Question

\(p(x)=3-x^4\)

Short answer

This exercise asks us to analyze the polynomial \(p(x) = 3 - x^4\). It is a 4th-degree polynomial that is continuous and differentiable everywhere in its domain. It cannot be simplified any further.

Step-by-step solution

Identify the Polynomial

The function given is \(p(x) = 3 - x^4\), which is a polynomial. The term \(3\) is a constant, while the term \(-x^4\) is a degree-4 monomial.

Simplify the Polynomial

In this case, the polynomial is already in its simplest form and cannot be simplified any further.

Analyzing the polynomial

Without a specific task, there are several things we can state about this function. The function is a simple polynomial function of degree 4. Consequently, it is continuous and differentiable everywhere on the real number line.

Key concepts

Polynomial Degree

The degree of a polynomial is a crucial concept in understanding polynomial functions. A polynomial's degree is essentially the highest power of the variable in the polynomial expression. For example, consider the polynomial function given in the exercise: \[p(x) = 3 - x^4\]Here, the degree of the polynomial is 4, because the highest exponent of the variable \(x\) is 4. This means that if you were to graph this polynomial, it would potentially intersect the x-axis up to four times.
The degree of a polynomial gives us important information about its behavior, such as the number of solutions (roots) it can have and how it behaves as \(x\) approaches infinity.
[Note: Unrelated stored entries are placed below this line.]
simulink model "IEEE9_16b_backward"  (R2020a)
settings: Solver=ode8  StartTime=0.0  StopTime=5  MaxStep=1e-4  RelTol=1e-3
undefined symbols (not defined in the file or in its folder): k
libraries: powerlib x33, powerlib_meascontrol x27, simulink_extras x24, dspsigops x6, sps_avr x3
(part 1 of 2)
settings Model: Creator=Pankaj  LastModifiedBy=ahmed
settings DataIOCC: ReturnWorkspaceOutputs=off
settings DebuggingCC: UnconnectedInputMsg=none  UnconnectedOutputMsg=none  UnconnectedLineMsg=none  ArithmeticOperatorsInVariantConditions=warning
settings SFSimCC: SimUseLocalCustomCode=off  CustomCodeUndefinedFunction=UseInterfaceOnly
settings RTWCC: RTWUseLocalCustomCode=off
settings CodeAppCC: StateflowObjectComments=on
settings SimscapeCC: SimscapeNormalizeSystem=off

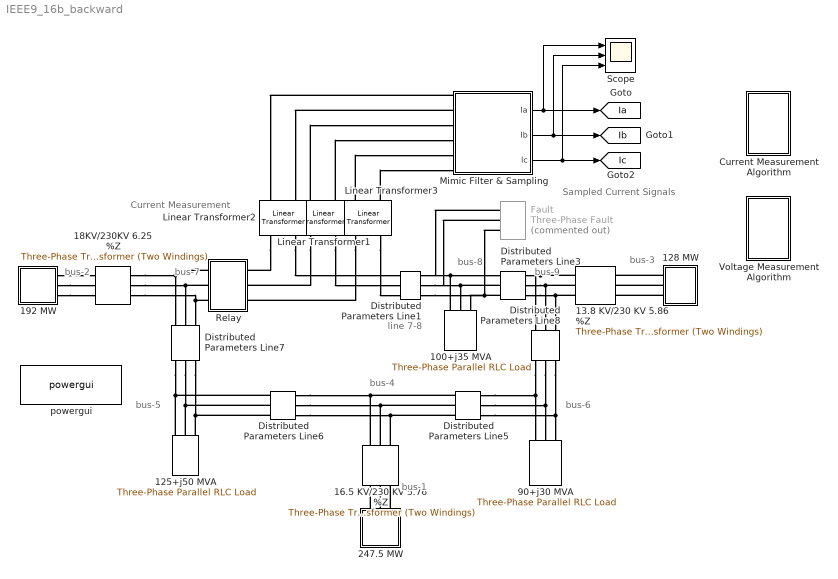
== system IEEE9_16b_backward ==
  note: bus-2
  note: bus-7
  note: bus-8
  note: bus-9
  note: bus-1
  note: bus-3
  note: bus-4
  note: bus-6
  note: bus-5
  note: line 7-8
  note: Sampled Current Signals
  note: Current Measurement
  100+j35 MVA : powerlib/Elements/Three-Phase Parallel RLC Load  LConnTagsString=A|B|C  Configuration=Y (grounded)  NominalVoltage=(230000)*0.993698  Vabc=[1e3 1e3 1e3]  Vabcp=[1e3 1e3 1e3]  NominalFrequency=60  UnbalancedPower=off  ActivePower=100e6  InductivePower=35e6  CapacitivePower=0  Pabc=[10e3 9e3 11e3]  QLabc=[100 90 110]  QCabc=[100 90 110]  Pabcp=[10e3 9e3 11e3]  QLabcp=[100 90 110]  QCabcp=[100 90 110]  Measurements=None  LoadType=constant PQ
  125+j50 MVA : powerlib/Elements/Three-Phase Parallel RLC Load  LConnTagsString=A|B|C  Configuration=Y (grounded)  NominalVoltage=(223027)*1  Vabc=[1e3 1e3 1e3]  Vabcp=[1e3 1e3 1e3]  NominalFrequency=60  UnbalancedPower=off  ActivePower=125e6  InductivePower=50e6  CapacitivePower=0  Pabc=[10e3 9e3 11e3]  QLabc=[100 90 110]  QCabc=[100 90 110]  Pabcp=[10e3 9e3 11e3]  QLabcp=[100 90 110]  QCabcp=[100 90 110]  Measurements=None  LoadType=constant PQ
  128 MW : Subsystem
  13.8 KV/230 KV 5.86 %Z : powerlib/Elements/Three-Phase Transformer (Two Windings)  Winding1Connection=Yg  Winding2Connection=Yg  CoreType=Three single-phase transformers  SetSaturation=off  Hysteresis=off  DataFile='hysteresis'  SetInitialFlux=off  Measurements=None  UNITS=pu  NominalPower=[ 100e6 , 60 ]  Winding1=[13.8e3 , 1e-6 , 0 ]  Winding2=[ 230e3 , 1e-6, 0.0586 ]  Rm=500  Lm=500  L0=0.5  Saturation=[ 0,0 ; 0.0024,1.2 ; 1.0,1.52 ]  InitialFluxes=[ 0.8 , -0.8 , 0.7 ]  BreakLoop=off  DiscreteSolver=Trapezoidal iterative  DataType=off  TransfoNumber=1
  "16.5 KV/230 KV 5.76 %Z     " : powerlib/Elements/Three-Phase Transformer (Two Windings)  Winding1Connection=Yg  Winding2Connection=Yg  CoreType=Three single-phase transformers  SetSaturation=off  Hysteresis=off  DataFile='hysteresis'  SetInitialFlux=off  Measurements=None  UNITS=pu  NominalPower=[ 100e6 , 60 ]  Winding1=[16.5e3 , 1e-6, 0 ]  Winding2=[ 230e3 ,1e-6, 0.0576 ]  Rm=500  Lm=500  L0=0.5  Saturation=[ 0,0 ; 0.0024,1.2 ; 1.0,1.52 ]  InitialFluxes=[ 0.8 , -0.8 , 0.7 ]  BreakLoop=off  DiscreteSolver=Trapezoidal iterative  DataType=off  TransfoNumber=1
  18KV/230KV 6.25 %Z : powerlib/Elements/Three-Phase Transformer (Two Windings)  Winding1Connection=Yg  Winding2Connection=Yg  CoreType=Three single-phase transformers  SetSaturation=off  Hysteresis=off  DataFile='hysteresis'  SetInitialFlux=off  Measurements=None  UNITS=pu  NominalPower=[ 100e6 , 60 ]  Winding1=[ 18e3 , 1e-6 , 0]  Winding2=[ 230e3 , 1e-6, 0.0625 ]  Rm=500  Lm=500  L0=0.5  Saturation=[ 0,0 ; 0.0024,1.2 ; 1.0,1.52 ]  InitialFluxes=[ 0.8 , -0.8 , 0.7 ]  BreakLoop=off  DiscreteSolver=Trapezoidal iterative  DataType=off  TransfoNumber=1
  192 MW : Subsystem
  247.5 MW : Subsystem
  90+j30 MVA : powerlib/Elements/Three-Phase Parallel RLC Load  LConnTagsString=A|B|C  Configuration=Y (grounded)  NominalVoltage=(226177)*0.999999  Vabc=[1e3 1e3 1e3]  Vabcp=[1e3 1e3 1e3]  NominalFrequency=60  UnbalancedPower=off  ActivePower=90e6  InductivePower=30e6  CapacitivePower=0  Pabc=[10e3 9e3 11e3]  QLabc=[100 90 110]  QCabc=[100 90 110]  Pabcp=[10e3 9e3 11e3]  QLabcp=[100 90 110]  QCabcp=[100 90 110]  Measurements=None  LoadType=constant PQ
  "Current Measurement Algorithm " : Subsystem
  Distributed Parameters Line1 : powerlib/Elements/Distributed Parameters Line  Phases=3  Frequency=60  Resistance=[0.044965 0.11241]  Inductance="[1.01e-3  2.02e-3]"  Capacitance=[12.74e-9 7.751e-9]  Length=100  x1=[-0.000416666666666667 -1.42846112004925e-12 0 0;-0.000388888888888889 -3.28216007877254e-12 0 0;-0.000361111111111111 -5.1354991116566e-12 74832.2159313653 -218040.853947513;-0.000333333333333333 -6.98827497919126e-12 77111.3845205349 -217245.270423165;-0.000305555555555556 -8.84028450362375e-12 79382.0969774256 -216425.863506783;-0.000277777777777778 -1.06913245912395e-11 81644.1042928277 -215582.72305557;-0.00025 -1.25411922546335e-11 83897.1584121488 -214715.941529378;-0.000222222222222222 -1.43896846349704e-11 86141.0122626149 -213825.613980568;-0.000194444444444444 -1.623659902423e-11 88375.4197803653 -212911.838043589;-0.000166666666666667 -1.80817328874369e-11 90600.1359374365 -211974.713924271;-0.000138888888888889 -1.99248838848699e-11 92814.9167686313 -211014.344388833;-0.000111111111111111 -2.1765849894252e-11 95019.5193982734 -210030.834752617;-8.33333333333333e-05 -2.36044290329144e-11 97213.7020668409 -209024.292868539;-5.55555555555556e-05 -2.54404196799355e-11 99397.2241574779 -207994.829115257;-2.77777777777778e-05 -2.72736204982513e-11 101569.846222381 -206942.556385074]  x2=[-0.000416666666666667 1.38170246752703e-10 0 0;-0.000388888888888889 1.35846149380387e-10 0 0;-0.000361111111111111 1.33507154946945e-10 64753.7939945472 -219178.532090877;-0.000333333333333333 1.31153519949474e-10 67045.428553326 -218488.426016288;-0.000305555555555556 1.28785502490574e-10 69329.7108253306 -217774.360223645;-0.000277777777777778 1.26403362250046e-10 71606.3903132684 -217036.41301831;-0.00025 1.2400736045641e-10 73875.2173535777 -216274.665324509;-0.000222222222222222 1.21597759858265e-10 76135.9431438061 -215489.200676461;-0.000194444444444444 1.19174824695469e-10 78388.3197698947 -214680.105209217;-0.000166666666666667 1.16738820670166e-10 80632.1002333644 -213847.467649211;-0.000138888888888889 1.14290014917651e-10 82867.0384784024 -212991.379304536;-0.000111111111111111 1.11828675977068e-10 85092.8894188446 -212111.934054926;-8.33333333333333e-05 1.0935507376197e-10 87309.4089650523 -211209.228341462;-5.55555555555556e-05 1.06869479530714e-10 89516.3540506794 -210283.361155998;-2.77777777777778e-05 1.04372165856718e-10 91713.4826593272 -209334.434030306]  x3=[-0.000416666666666667 7.37870697080606e-13 0 0;-0.000388888888888889 7.56787217936021e-13 0 0;-0.000361111111111111 7.75620748544772e-13 150.699195004272 -526.687623254678;-0.000333333333333333 7.94369223597995e-13 156.206292443821 -525.080657883959;-0.000305555555555556 8.13030587114122e-13 161.696260103119 -523.416111501981;-0.000277777777777778 8.31602792664349e-13 167.168495945345 -521.694166645014;-0.00025 8.5008380359705e-13 172.622399878173 -519.915012143715;-0.000222222222222222 8.68471593261113e-13 178.057373819577 -518.078843102425;-0.000194444444444444 8.86764145228189e-13 183.472821763418 -516.185860877771;-0.000166666666666667 9.04959453513817e-13 188.868149844801 -514.236273056586;-0.000138888888888889 9.23055522797401e-13 194.242766405203 -512.230293433144;-0.000111111111111111 9.4105036864102e-13 199.596082057352 -510.168141985716;-8.33333333333333e-05 9.58942017707044e-13 204.92750974986 -508.050044852447;-5.55555555555556e-05 9.76728507974532e-13 210.2364648316 -505.876234306557;-2.77777777777778e-05 9.94407888954391e-13 215.522365115822 -503.646948730867]  x4=[-0.000416666666666667 -1.55120252294533e-13 0 0;-0.000388888888888889 -1.82490343660272e-13 0 0;-0.000361111111111111 -2.0984042290335e-13 234.827870504209 -1040.94168030845;-0.000333333333333333 -2.37167490779369e-13 245.715473438557 -1038.42553073046;-0.000305555555555556 -2.64468550567391e-13 256.576130902281 -1035.79550609105;-0.000277777777777778 -2.91740608398552e-13 267.408651901901 -1033.05189480203;-0.00025 -3.18980673584385e-13 278.211848529418 -1030.19499773131;-0.000222222222222222 -3.46185758944774e-13 288.984536092582 -1027.22512816985;-0.000194444444444444 -3.73352881135536e-13 299.725533244803 -1024.14261179731;-0.000166666666666667 -4.00479060975577e-13 310.433662114704 -1020.94778664635;-0.000138888888888889 -4.27561323773593e-13 321.107748435285 -1017.64100306555;-0.000111111111111111 -4.54596699654279e-13 331.746621672695 -1014.22262368099;-8.33333333333333e-05 -4.81582223884008e-13 342.349115154593 -1010.69302335649;-5.55555555555556e-05 -5.08514937195951e-13 352.914066198091 -1007.05258915251;-2.77777777777778e-05 -5.35391886114587e-13 363.44031623725 -1003.30172028367]  x5=0.000395689524753941  V1=[5.416e-10 2.305e+05 2.305e+05;377 377 377;2.885 0.3359 -1.235]  V2=[2.789e-10 2.285e+05 2.285e+05;377 377 377;2.728 0.2916 -1.279]  I1=[3.179e-12 542 542;377 377 377;-1.76 0.2811 -1.29]  I2=[4.124e-12 1072 1072;377 377 377;1.614 0.2282 -1.343]  nHarmo=1  Measurements=None
  Distributed Parameters Line3 : powerlib/Elements/Distributed Parameters Line  Phases=3  Frequency=60  Resistance=[ 0.062951 0.15737]  Inductance="[ 1.414e-3  3.53e-3]"  Capacitance=[12.74e-9 7.751e-9]  Length=100  x1=[-0.000527777777777778 1.44436300590001e-10 0 0;-0.0005 1.42323859198653e-10 0 0;-0.000472222222222222 1.40195810392299e-10 0 0;-0.000444444444444444 1.38052387535472e-10 57837.2934989737 -221104.348414016;-0.000416666666666667 1.35893825678643e-10 60149.4740095849 -220486.565010016;-0.000388888888888889 1.33720361532444e-10 62455.0584525479 -219844.602769505;-0.000361111111111111 1.31532233441712e-10 64753.7939945472 -219178.532090877;-0.000333333333333333 1.29329681359349e-10 67045.428553326 -218488.426016288;-0.000305555555555556 1.27112946820012e-10 69329.7108253306 -217774.360223645;-0.000277777777777778 1.24882272913623e-10 71606.3903132684 -217036.41301831;-0.00025 1.22637904258715e-10 73875.2173535777 -216274.665324509;-0.000222222222222222 1.203800869756e-10 76135.9431438061 -215489.200676461;-0.000194444444444444 1.18109068659389e-10 78388.3197698947 -214680.105209217;-0.000166666666666667 1.15825098352831e-10 80632.1002333644 -213847.467649211;-0.000138888888888889 1.13528426519008e-10 82867.0384784024 -212991.379304536;-0.000111111111111111 1.11219305013868e-10 85092.8894188446 -212111.934054926;-8.33333333333333e-05 1.08897987058606e-10 87309.4089650523 -211209.228341462;-5.55555555555556e-05 1.06564727211894e-10 89516.3540506794 -210283.361155998;-2.77777777777778e-05 1.04219781341968e-10 91713.4826593272 -209334.434030306]  x2=[-0.000527777777777778 -2.56650173336924e-10 0 0;-0.0005 -2.57955270221522e-10 0 0;-0.000472222222222222 -2.59232079403849e-10 0 0;-0.000444444444444444 -2.60480460867389e-10 67182.8367616235 -221300.437578927;-0.000416666666666667 -2.61700277713047e-10 69496.5579996618 -220584.779459335;-0.000388888888888889 -2.6289139617416e-10 71802.6581569603 -219844.931732912;-0.000361111111111111 -2.64053685631165e-10 74100.8843436495 -219080.975532297;-0.000333333333333333 -2.65187018625927e-10 76390.9845333293 -218292.994633896;-0.000305555555555556 -2.6629127087571e-10 78672.707590707 -217481.075448696;-0.000277777777777778 -2.67366321286811e-10 80945.8032991364 -216645.307012783;-0.00025 -2.68412051967839e-10 83210.0223880579 -215785.780977586;-0.000222222222222222 -2.6942834824264e-10 85465.1165603327 -214902.59159982;-0.000194444444444444 -2.70415098662874e-10 87710.8385194724 -213995.835731153;-0.000166666666666667 -2.71372195020239e-10 89946.9419967571 -213065.612807584;-0.000138888888888889 -2.72299532358334e-10 92173.181778242 -212112.024838539;-0.000111111111111111 -2.73197008984168e-10 94389.3137316475 -211135.176395686;-8.33333333333333e-05 -2.74064526479317e-10 96595.0948331315 -210135.174601464;-5.55555555555556e-05 -2.74901989710711e-10 98790.2831939392 -209112.129117338;-2.77777777777778e-05 -2.75709306841069e-10 100974.638086929 -208066.152131775]  x3=[-0.000527777777777778 -1.02528326833281e-12 0 0;-0.0005 -1.05830185512481e-12 0 0;-0.000472222222222222 -1.09120438719242e-12 0 0;-0.000444444444444444 -1.12398725640221e-12 135.047330871066 -840.563817971818;-0.000416666666666667 -1.15664686774316e-12 143.842122898912 -839.103548572359;-0.000388888888888889 -1.18917963972083e-12 152.621141017029 -837.551262012961;-0.000361111111111111 -1.22158200475017e-12 161.383422507149 -835.907128519338;-0.000333333333333333 -1.25385040954671e-12 170.128006486366 -834.171328389256;-0.000305555555555556 -1.28598131551623e-12 178.853934012503 -832.34405197276;-0.000277777777777778 -1.31797119914282e-12 187.560248189274 -830.4254996513;-0.00025 -1.34981655237523e-12 196.24599427122 -828.415881815758;-0.000222222222222222 -1.38151388301163e-12 204.910219768403 -826.315418843377;-0.000194444444444444 -1.41305971508251e-12 213.55197455086 -824.124341073592;-0.000166666666666667 -1.44445058923189e-12 222.170310952795 -821.84288878277;-0.000138888888888889 -1.47568306309669e-12 230.764283876502 -819.471312157866;-0.000111111111111111 -1.50675371168418e-12 239.332950896006 -817.009871268981;-8.33333333333333e-05 -1.53765912774761e-12 247.875372360406 -814.458836040847;-5.55555555555556e-05 -1.56839592215984e-12 256.390611496926 -811.818486223225;-2.77777777777778e-05 -1.59896072428499e-12 264.877734513635 -809.089111360225]  x4=[-0.000527777777777778 4.46984900065056e-13 0 0;-0.0005 4.78814128694593e-13 0 0;-0.000472222222222222 5.10590849959173e-13 0 0;-0.000444444444444444 5.4231157918322e-13 129.465032115206 -498.472373255812;-0.000416666666666667 5.73972837831313e-13 134.677802784351 -497.089307540418;-0.000388888888888889 6.05571153889652e-13 139.87580451474 -495.651730380765;-0.000361111111111111 6.37103062246801e-13 145.058467286906 -494.159799423388;-0.000333333333333333 6.68565105073675e-13 150.225222763474 -492.613678275329;-0.000305555555555556 6.99953832202733e-13 155.375504351482 -491.013536486196;-0.000277777777777778 7.31265801506328e-13 160.508747264515 -489.359549529568;-0.00025 7.62497579274172e-13 165.624388584641 -487.651898783753;-0.000222222222222222 7.93645740589881e-13 170.721867324142 -485.890771511899;-0.000194444444444444 8.24706869706559e-13 175.80062448703 -484.076360841457;-0.000166666666666667 8.55677560421373e-13 180.86010313035 -482.208865743004;-0.000138888888888889 8.86554416449077e-13 185.899748425254 -480.288491008422;-0.000111111111111111 9.17334051794457e-13 190.919007717843 -478.315447228442;-8.33333333333333e-05 9.48013091123643e-13 195.917330589774 -476.289950769549;-5.55555555555556e-05 9.7858817013425e-13 200.894168918618 -474.212223750253;-2.77777777777778e-05 1.00905593592432e-12 205.848976937969 -472.082494016737]  x5=0.000523077718890797  V1=[2.541e-10 2.285e+05 2.285e+05;377 377 377;2.713 0.2668 -1.304]  V2=[4.31e-10 2.313e+05 2.313e+05;377 377 377;2.564 0.3044 -1.266]  I1=[1.418e-12 846 846;377 377 377;1.513 0.1676 -1.403]  I2=[2.062e-12 520.4 520.5;377 377 377;-2.991 0.2668 -1.304]  nHarmo=1  Measurements=None
  Distributed Parameters Line5 : powerlib/Elements/Distributed Parameters Line  Phases=3  Frequency=60  Resistance=[ 0.08993 0.224825]  Inductance="[ 1.29e-3  3.22e-3]"  Capacitance=[12.74e-9 7.751e-9]  Length=100  x1=[-0.0005 1.6339228556433e-10 59547.7501774108 -221033.498618853;-0.000472222222222222 1.62546226523253e-10 61859.095044562 -220397.806757558;-0.000444444444444444 1.61682342456709e-10 64163.6563648529 -219737.945793094;-0.000416666666666667 1.6080072809932e-10 66461.1814171648 -219053.988086653;-0.000388888888888889 1.59901480130036e-10 68751.4182519848 -218346.008641903;-0.000361111111111111 1.58984697161529e-10 71034.1157190354 -217614.085096771;-0.000333333333333333 1.58050479729384e-10 73309.0234948157 -216858.297714919;-0.000305555555555556 1.5709893028107e-10 75575.8921100521 -216078.729376952;-0.000277777777777778 1.56130153164706e-10 77834.4729770558 -215275.465571324;-0.00025 1.55144254617621e-10 80084.5184169828 -214448.594384961;-0.000222222222222222 1.541413427547e-10 82325.7816869949 -213598.206493608;-0.000194444444444444 1.53121527556531e-10 84558.0170073178 -212724.39515188;-0.000166666666666667 1.52084920857343e-10 86780.9795881935 -211827.256183037;-0.000138888888888889 1.51031636332741e-10 88994.4256567247 -210906.887968478;-0.000111111111111111 1.49961789487244e-10 91198.1124836066 -209963.391436948;-8.33333333333333e-05 1.48875497641613e-10 93391.7984097453 -208996.870053475;-5.55555555555556e-05 1.47772879919992e-10 95575.2428727585 -208007.42980802;-2.77777777777778e-05 1.46654057236839e-10 97748.2064333556 -206995.179203856]  x2=[-0.0005 -3.87923468996811e-11 47856.4063146109 -221026.29638343;-0.000472222222222222 -3.91004099718463e-11 50168.3167300571 -220513.034951382;-0.000444444444444444 -3.94041852434364e-11 52474.7256242283 -219975.591780095;-0.000416666666666667 -3.97036394020698e-11 54775.3800733984 -219414.02580627;-0.000388888888888889 -3.99987396092234e-11 57070.0277848811 -218828.398611943;-0.000361111111111111 -4.0289453503834e-11 59358.4171246963 -218218.774417737;-0.000333333333333333 -4.05757492058471e-11 61640.2971451653 -217585.220075815;-0.000305555555555556 -4.08575953197126e-11 63915.4176124293 -216927.805062548;-0.000277777777777778 -4.1134960937828e-11 66183.5290338908 -216246.601470902;-0.00025 -4.14078156439277e-11 68444.3826855732 -215541.684002527;-0.000222222222222222 -4.16761295164184e-11 70697.730639396 -214813.129959567;-0.000194444444444444 -4.19398731316604e-11 72943.3257903632 -214061.019236183;-0.000166666666666667 -4.2199017567194e-11 75180.9218836609 -213285.434309791;-0.000138888888888889 -4.24535344049117e-11 77410.273541662 -212486.460232019;-0.000111111111111111 -4.27033957341741e-11 79631.1362908349 -211664.184619378;-8.33333333333333e-05 -4.29485741548706e-11 81843.2665885521 -210818.697643655;-5.55555555555556e-05 -4.31890427804247e-11 84046.4218497981 -209950.092022024;-2.77777777777778e-05 -4.34247752407415e-11 86240.3604737711 -209058.46300688]  x3=[-0.0005 -6.00638598603095e-13 88.5700854308561 -464.00957114474;-0.000472222222222222 -6.14460049847234e-13 93.4242365008934 -463.05664410991;-0.000444444444444444 -6.28214118622572e-13 98.268142550603 -462.052937695879;-0.000416666666666667 -6.41899296640473e-13 103.101272391101 -460.998561970366;-0.000388888888888889 -6.5551408316695e-13 107.923096015235 -459.893632557552;-0.000361111111111111 -6.69056985187235e-13 112.733084655708 -458.738270625398;-0.000333333333333333 -6.82526517569508e-13 117.530710843062 -457.532602872359;-0.000305555555555556 -6.95921203227754e-13 122.315448463522 -456.276761513491;-0.000277777777777778 -7.09239573283748e-13 127.086772816688 -454.970884265952;-0.00025 -7.22480167228127e-13 131.844160673077 -453.615114333897;-0.000222222222222222 -7.35641533080558e-13 136.587090331499 -452.209600392778;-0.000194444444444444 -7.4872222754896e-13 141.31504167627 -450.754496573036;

In the case of a degree 4 polynomial like this one, the graph can exhibit up to one less than the degree (i.e., 3) hills and valleys.

Monomials

A monomial is a single term in a polynomial, consisting of a constant multiplied by a variable raised to a non-negative integer power. In the polynomial described by \[p(x) = 3 - x^4\]we find that it comprises two terms: the constant term \(3\) and the monomial \(-x^4\).
Monomials form the building blocks of polynomials. They are important because understanding each monomial helps us understand the polynomial's degree and its behavior. For example:

• The degree of the polynomial is determined by the highest degree of its monomials.
• A negative sign in front of a monomial, like \(-x^4\), reflects across the x-axis when graphed.

The simplicity of the monomial term makes it easier to analyze and predict the overall shape and direction of the polynomial function.

Continuity

Continuity is a key feature of polynomial functions, and it ensures that the graph of a function can be drawn without lifting the pencil from the paper. In intuitive terms, a continuous function is one that doesn’t have any breaks, jumps, or holes. All polynomial functions, including the one given, are continuous everywhere on the real number line.For the polynomial \(p(x) = 3 - x^4\), continuity means:

• The limits exist and are the same from both directions at every point on the curve.
• The function is smooth, with no sharp turns or corners.

Therefore, you can expect that the graph of this polynomial will be a smooth curve, seamlessly extending without interruption in both directions.

Differentiability

Differentiability goes hand in hand with continuity in many respects but adds yet another layer of detail. Whereas continuity ensures there are no jumps or breaks, differentiability ensures the function doesn't have sharp points where its slope becomes undefined.Given the polynomial \(p(x) = 3 - x^4\), you can rest assured that this function is differentiable over the entire real number line, meaning:

• You can find a derivative at any point, reflecting the slope of the tangent to the curve at that point.
• Its smooth nature implies that it is smooth and curved.

The derivative of this polynomial is \(p'(x) = -4x^3\), which is defined everywhere. Thus, if you need to find rates of change or the tangent line at any point, differentiability provides a straightforward pathway to these answers.